Monday, 30 January 2012

MAC

There are very few instances in the history of our clan whee the first syllable of our surname is 'Mac'. I have recently referred to the historically important Michael Macylhaggow. There are a couple of MacAlhagga names in the minutes of Bathgate, Scotland Masonic Lodge, which I'm sure are mistranscriptions. There is a Vicente Adam MacElhaga and his father Samuel and mother Joanna Whete who fascinatingly appear in a baptism record in Rosario, Copiapo, Chile. This event remains totally mysterious to me.

A John MacHaggart appears in the 1881 English Census boarding in West Ham, Essex, and Two MacIlhaggers, John and Archie, appear in the 1906 Canada Census in a place called Assiniboia, Saskachewan. There are two other baptisms, of John MacHaggart and Margaret MacIlhagga both in 19th Century Ireland. Margaret, daughter of Archibald, married Joseph Adams in Belfast in 1915. Another Margaret MacIlhaggart (a widow) married Joseph Hills in Ballymena in 1903. However, I know this to be a mistranscription.

And now, in the 'findmypast' website I have found June MacIlhaggie who in the April-June Quarter of 1963 married David W. Howes in Chelmsford, Essex, and I have to confess that I have no idea how June fits into a clan family. There is only one 'June' in my Birth Index, namely June McIlhagga, daughter of Samuel who died in 2009 and whose burial in Ballee Cemetery, County Antrim, was reported in the Belfast Telegraph.

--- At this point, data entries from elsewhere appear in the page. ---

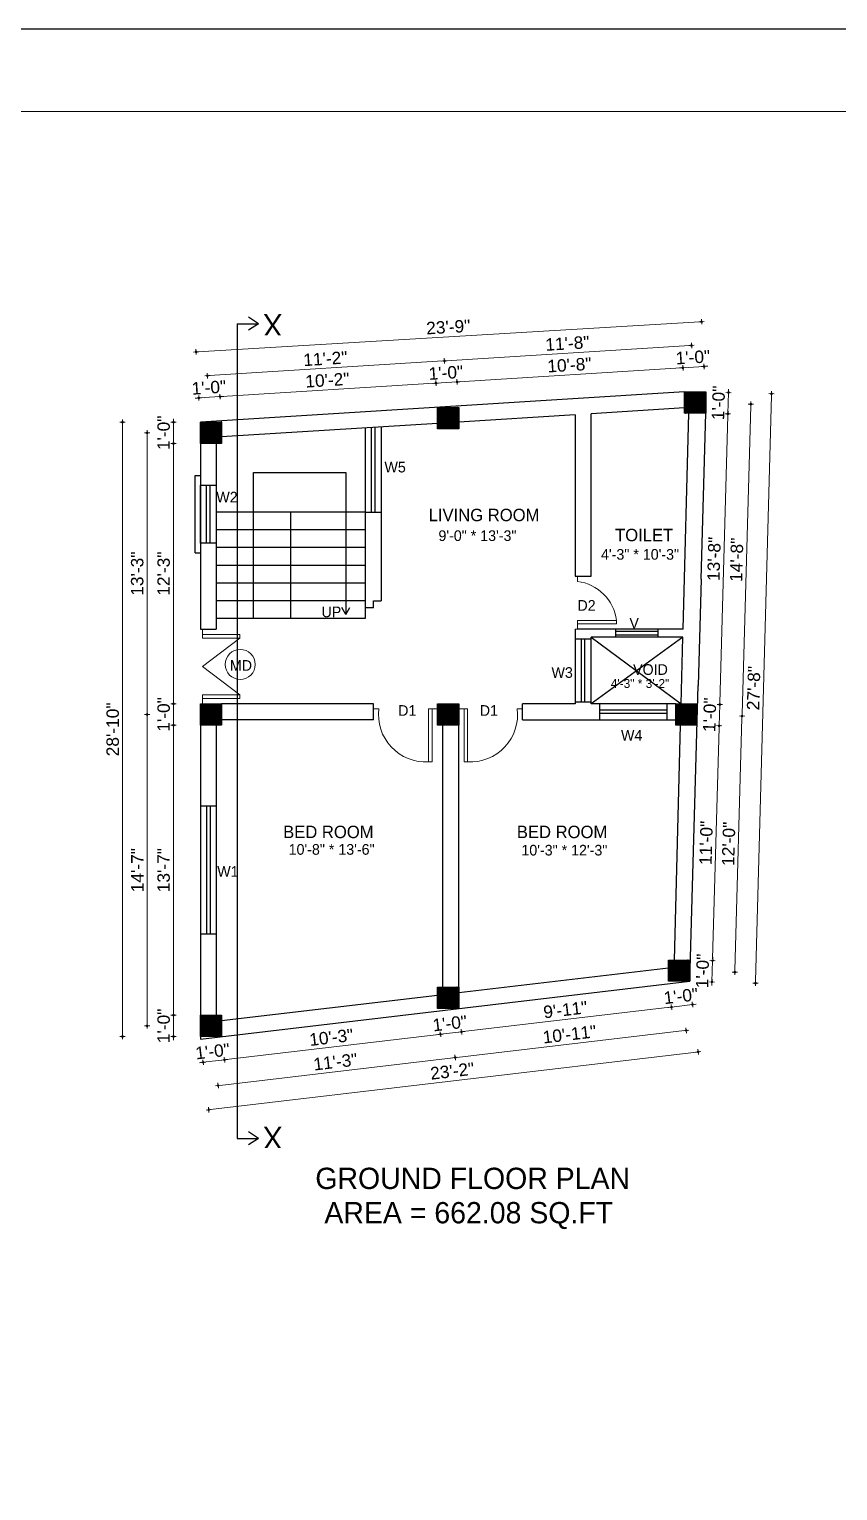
# Model space of a CAD drawing. Header units: inches. Extents: x 10143 to 33197, y -150 to 3760.
# Drawn here: x 29861 to 30317, y 1274 to 2098 of the extents above; entities that cross this region are included whole.
import ezdxf
from ezdxf.enums import TextEntityAlignment as Align

# ---------------------------------------------------------------- set-up
doc = ezdxf.new("R2010")
doc.units = ezdxf.units.IN
doc.header["$LTSCALE"] = 0.5
doc.header["$MEASUREMENT"] = 0
doc.header["$PDMODE"] = 66
for name, color, linetype, lineweight in [('0.13', 2, 'Continuous', 13), ('DW TEXT', 92, 'Continuous', 15), ('ELE1', 3, 'Continuous', 9), ('ELEVATION', 85, 'Continuous', 9), ('hatch', 9, 'Continuous', 0), ('Toilet', 7, 'Continuous', 25)]:
    doc.layers.add(name, color=color, linetype=linetype, lineweight=lineweight)
doc.styles.add('CEN', font='GOTHIC.TTF')
doc.styles.get("Standard").update_dxf_attribs({"font": 'arial.ttf'})
doc.dimstyles.new('S8', dxfattribs={"dimtxt": 5, "dimasz": 1, "dimexe": 6, "dimexo": 18, "dimgap": 1.9375, "dimtad": 1, "dimdec": 0, "dimzin": 3, "dimdsep": 46, "dimlunit": 4, "dimtxsty": 'Standard', "dimblk": 'dot 2', "dimcen": 12, "dimse1": 1, "dimse2": 1, "dimclrd": 1, "dimclre": 1, "dimclrt": 256, "dimadec": 0, "dimazin": 0, "dimtfac": 0.75, "dimtdec": 0, "dimtix": 1, "dimtmove": 1, "dimatfit": 3, "dimldrblk": 'DOT', "dimfxl": 1, "dimtolj": 1, "dimtzin": 0, "dimlwd": 9, "dimlwe": 9, "dimarcsym": 0})
pattern_1 = [(135, (30216.61329, -1856.22724), (-0.0883883476, -0.0883883476), [])]

# ---------------------------------------------------------------- blocks, each defined once
blk = doc.blocks.new('dot1')
at = {"layer": 'hatch'}
h = blk.add_hatch(color=256, dxfattribs=at)
edge = h.paths.add_edge_path()
edge.add_arc((0, 0), 1, 0, 360)
for p, q in [((3, 0), (-3, 0)), ((0, 3), (0, -3))]:
    blk.add_line(p, q, dxfattribs=at)
blk.add_circle((0, 0), 1, dxfattribs=at)
blk = doc.blocks.new('dot 2')
at = {"layer": 'hatch', "xscale": 0.5, "yscale": 0.5, "zscale": 0.5}
blk.add_blockref('dot1', (0, 0), dxfattribs=at)
blk = doc.blocks.new('*D2199')
at = {"layer": 'Defpoints', "color": 0, "transparency": 16777216}
for p in [(29942.6, 1541.92), (29957.76, 1541.92), (29957.76, 1529.92)]:
    blk.add_point(p, dxfattribs=at)
at = {"layer": 'Toilet', "color": 1, "lineweight": 9, "transparency": 16777216}
for p, q in [((29942.6, 1542.92), (29942.6, 1543.92)), ((29942.6, 1529.92), (29942.6, 1541.92)), ((29942.6, 1528.92), (29942.6, 1527.92))]:
    blk.add_line(p, q, dxfattribs=at)
for p, rotation in [((29942.6, 1541.92), 270), ((29942.6, 1529.92), 90)]:
    blk.add_blockref('dot 2', p, dxfattribs=dict(at, rotation=rotation))
at = {"layer": 'Toilet', "transparency": 16777216, "insert": (29937.09, 1535.92), "char_height": 7, "attachment_point": 5, "rotation": 90}
blk.add_mtext('\\A1;1\'-0"', dxfattribs=at)
blk = doc.blocks.new('_Dot')
at = {"color": 0, "linetype": 'ByBlock', "lineweight": -2}
blk.add_line((-0.5, 0), (-1, 0), dxfattribs=at)
at = {"color": 0, "linetype": 'ByBlock', "const_width": 0.5}
blk.add_lwpolyline([(-0.25, 0, 1), (0.25, 0, 1)], format="xyb", close=True, dxfattribs=at)
blk = doc.blocks.new('*D2200')
at = {"layer": 'Defpoints', "color": 0, "transparency": 16777216}
for p in [(29942.6, 1705.41), (29957.76, 1705.41), (29957.76, 1541.92)]:
    blk.add_point(p, dxfattribs=at)
at = {"layer": 'Toilet', "color": 1, "lineweight": 9, "transparency": 16777216}
blk.add_line((29942.6, 1542.92), (29942.6, 1704.41), dxfattribs=at)
for p, rotation in [((29942.6, 1705.41), 90), ((29942.6, 1541.92), 270)]:
    blk.add_blockref('dot 2', p, dxfattribs=dict(at, rotation=rotation))
at = {"layer": 'Toilet', "transparency": 16777216, "insert": (29937.09, 1623.66), "char_height": 7, "attachment_point": 5, "rotation": 90}
blk.add_mtext('\\A1;13\'-7"', dxfattribs=at)
blk = doc.blocks.new('*D2203')
at = {"layer": 'Defpoints', "color": 0, "transparency": 16777216}
for p in [(29942.6, 1717.41), (29957.76, 1717.41), (29957.76, 1705.41)]:
    blk.add_point(p, dxfattribs=at)
at = {"layer": 'Toilet', "color": 1, "lineweight": 9, "transparency": 16777216}
for p, q in [((29942.6, 1718.41), (29942.6, 1719.41)), ((29942.6, 1705.41), (29942.6, 1717.41)), ((29942.6, 1704.41), (29942.6, 1703.41))]:
    blk.add_line(p, q, dxfattribs=at)
for p, rotation in [((29942.6, 1717.41), 270), ((29942.6, 1705.41), 90)]:
    blk.add_blockref('dot 2', p, dxfattribs=dict(at, rotation=rotation))
at = {"layer": 'Toilet', "transparency": 16777216, "insert": (29937.09, 1711.41), "char_height": 7, "attachment_point": 5, "rotation": 90}
blk.add_mtext('\\A1;1\'-0"', dxfattribs=at)
blk = doc.blocks.new('*D2171')
at = {"layer": 'Defpoints', "color": 0, "transparency": 16777216}
for p in [(29942.6, 1864.09), (29957.76, 1864.09), (29957.76, 1717.41)]:
    blk.add_point(p, dxfattribs=at)
at = {"layer": 'Toilet', "color": 1, "lineweight": 9, "transparency": 16777216}
blk.add_line((29942.6, 1718.41), (29942.6, 1863.09), dxfattribs=at)
for p, rotation in [((29942.6, 1864.09), 90), ((29942.6, 1717.41), 270)]:
    blk.add_blockref('dot 2', p, dxfattribs=dict(at, rotation=rotation))
at = {"layer": 'Toilet', "transparency": 16777216, "insert": (29937.09, 1790.75), "char_height": 7, "attachment_point": 5, "rotation": 90}
blk.add_mtext('\\A1;12\'-3"', dxfattribs=at)
blk = doc.blocks.new('*D2172')
at = {"layer": 'Defpoints', "color": 0, "transparency": 16777216}
for p in [(29942.6, 1876.09), (29957.76, 1876.09), (29957.76, 1864.09)]:
    blk.add_point(p, dxfattribs=at)
at = {"layer": 'Toilet', "color": 1, "lineweight": 9, "transparency": 16777216}
for p, q in [((29942.6, 1877.09), (29942.6, 1878.09)), ((29942.6, 1864.09), (29942.6, 1876.09)), ((29942.6, 1863.09), (29942.6, 1862.09))]:
    blk.add_line(p, q, dxfattribs=at)
for p, rotation in [((29942.6, 1876.09), 270), ((29942.6, 1864.09), 90)]:
    blk.add_blockref('dot 2', p, dxfattribs=dict(at, rotation=rotation))
at = {"layer": 'Toilet', "transparency": 16777216, "insert": (29937.09, 1870.09), "char_height": 7, "attachment_point": 5, "rotation": 90}
blk.add_mtext('\\A1;1\'-0"', dxfattribs=at)
blk = doc.blocks.new('*D2174')
at = {"layer": 'Defpoints', "color": 0, "transparency": 16777216}
for p in [(29927.7, 1870.09), (29963.76, 1870.09), (29963.76, 1711.41)]:
    blk.add_point(p, dxfattribs=at)
at = {"layer": 'Toilet', "color": 1, "lineweight": 9, "transparency": 16777216}
blk.add_line((29927.7, 1712.41), (29927.7, 1869.09), dxfattribs=at)
for p, rotation in [((29927.7, 1870.09), 90), ((29927.7, 1711.41), 270)]:
    blk.add_blockref('dot 2', p, dxfattribs=dict(at, rotation=rotation))
at = {"layer": 'Toilet', "transparency": 16777216, "insert": (29922.19, 1790.75), "char_height": 7, "attachment_point": 5, "rotation": 90}
blk.add_mtext('\\A1;13\'-3"', dxfattribs=at)
blk = doc.blocks.new('*D2176')
at = {"layer": 'Defpoints', "color": 0, "transparency": 16777216}
for p in [(29957.76, 1528.5), (29969.76, 1529.92), (29971.31, 1516.8)]:
    blk.add_point(p, dxfattribs=at)
at = {"layer": 'Toilet', "color": 1, "lineweight": 9, "transparency": 16777216}
for p, q in [((29959.31, 1515.39), (29971.31, 1516.8)), ((29972.3, 1516.92), (29973.3, 1517.04)), ((29958.32, 1515.27), (29957.32, 1515.15))]:
    blk.add_line(p, q, dxfattribs=at)
for p, rotation in [((29959.31, 1515.39), 6.727351048226113), ((29971.31, 1516.8), 186.7273510482261)]:
    blk.add_blockref('dot 2', p, dxfattribs=dict(at, rotation=rotation))
at = {"layer": 'Toilet', "transparency": 16777216, "insert": (29964.67, 1521.57), "char_height": 7, "attachment_point": 5, "rotation": 6.72735}
blk.add_mtext('\\A1;1\'-0"', dxfattribs=at)
blk = doc.blocks.new('*D2177')
at = {"layer": 'Defpoints', "color": 0, "transparency": 16777216}
for p in [(30091.39, 1545.68), (29969.76, 1529.92), (30093.1, 1531.17)]:
    blk.add_point(p, dxfattribs=at)
at = {"layer": 'Toilet', "color": 1, "lineweight": 9, "transparency": 16777216}
blk.add_line((29972.3, 1516.92), (30092.1, 1531.05), dxfattribs=at)
for p, rotation in [((30093.1, 1531.17), 6.727351048252904), ((29971.31, 1516.8), 186.7273510482529)]:
    blk.add_blockref('dot 2', p, dxfattribs=dict(at, rotation=rotation))
at = {"layer": 'Toilet', "transparency": 16777216, "insert": (30031.56, 1529.46), "char_height": 7, "attachment_point": 5, "rotation": 6.72735}
blk.add_mtext('\\A1;10\'-3"', dxfattribs=at)
blk = doc.blocks.new('*D2178')
at = {"layer": 'Defpoints', "color": 0, "transparency": 16777216}
for p in [(30091.39, 1545.68), (30103.39, 1545.68), (30104.93, 1532.56)]:
    blk.add_point(p, dxfattribs=at)
at = {"layer": 'Toilet', "color": 1, "lineweight": 9, "transparency": 16777216}
for p, q in [((30093.1, 1531.17), (30104.93, 1532.56)), ((30105.93, 1532.68), (30106.92, 1532.8)), ((30092.1, 1531.05), (30091.11, 1530.93))]:
    blk.add_line(p, q, dxfattribs=at)
for p, rotation in [((30093.1, 1531.17), 6.727351048252893), ((30104.93, 1532.56), 186.7273510482529)]:
    blk.add_blockref('dot 2', p, dxfattribs=dict(at, rotation=rotation))
at = {"layer": 'Toilet', "transparency": 16777216, "insert": (30098.37, 1537.34), "char_height": 7, "attachment_point": 5, "rotation": 6.72735}
blk.add_mtext('\\A1;1\'-0"', dxfattribs=at)
blk = doc.blocks.new('*D2179')
at = {"layer": 'Defpoints', "color": 0, "transparency": 16777216}
for p in [(30221.66, 1561.05), (30103.39, 1545.68), (30223.38, 1546.54)]:
    blk.add_point(p, dxfattribs=at)
at = {"layer": 'Toilet', "color": 1, "lineweight": 9, "transparency": 16777216}
blk.add_line((30105.93, 1532.68), (30222.38, 1546.42), dxfattribs=at)
for p, rotation in [((30223.38, 1546.54), 6.727351048252904), ((30104.93, 1532.56), 186.7273510482529)]:
    blk.add_blockref('dot 2', p, dxfattribs=dict(at, rotation=rotation))
at = {"layer": 'Toilet', "transparency": 16777216, "insert": (30163.51, 1545.02), "char_height": 7, "attachment_point": 5, "rotation": 6.72735}
blk.add_mtext('\\A1;9\'-11"', dxfattribs=at)
blk = doc.blocks.new('*D2180')
at = {"layer": 'Defpoints', "color": 0, "transparency": 16777216}
for p in [(30221.66, 1561.05), (30233.66, 1561.05), (30235.21, 1547.93)]:
    blk.add_point(p, dxfattribs=at)
at = {"layer": 'Toilet', "color": 1, "lineweight": 9, "transparency": 16777216}
for p, q in [((30222.38, 1546.42), (30221.39, 1546.3)), ((30223.38, 1546.54), (30235.21, 1547.93)), ((30236.2, 1548.05), (30237.2, 1548.17))]:
    blk.add_line(p, q, dxfattribs=at)
for p, rotation in [((30235.21, 1547.93), 186.7273510482529), ((30223.38, 1546.54), 6.727351048252893)]:
    blk.add_blockref('dot 2', p, dxfattribs=dict(at, rotation=rotation))
at = {"layer": 'Toilet', "transparency": 16777216, "insert": (30228.65, 1552.71), "char_height": 7, "attachment_point": 5, "rotation": 6.72735}
blk.add_mtext('\\A1;1\'-0"', dxfattribs=at)
blk = doc.blocks.new('*D2181')
at = {"layer": 'Defpoints', "color": 0, "transparency": 16777216}
for p in [(30227.66, 1567.05), (30097.39, 1551.68), (30101.35, 1518.04)]:
    blk.add_point(p, dxfattribs=at)
at = {"layer": 'Toilet', "color": 1, "lineweight": 9, "transparency": 16777216}
blk.add_line((30230.64, 1533.29), (30102.35, 1518.15), dxfattribs=at)
for p, rotation in [((30231.63, 1533.4), 6.727351048225874), ((30101.35, 1518.04), 186.7273510482259)]:
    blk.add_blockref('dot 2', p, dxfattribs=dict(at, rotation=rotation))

At the time of her death she was June Miller (nee McIlhagga) and must I think have been born in the 1930s.

If anyone knows of any other instances, I would be interested to know about them. There is of course no difference between 'Mc' and 'Mac', and neither is more 'correct' than the other, and both get abbreviated in documents, especially in old handwriting, to M'.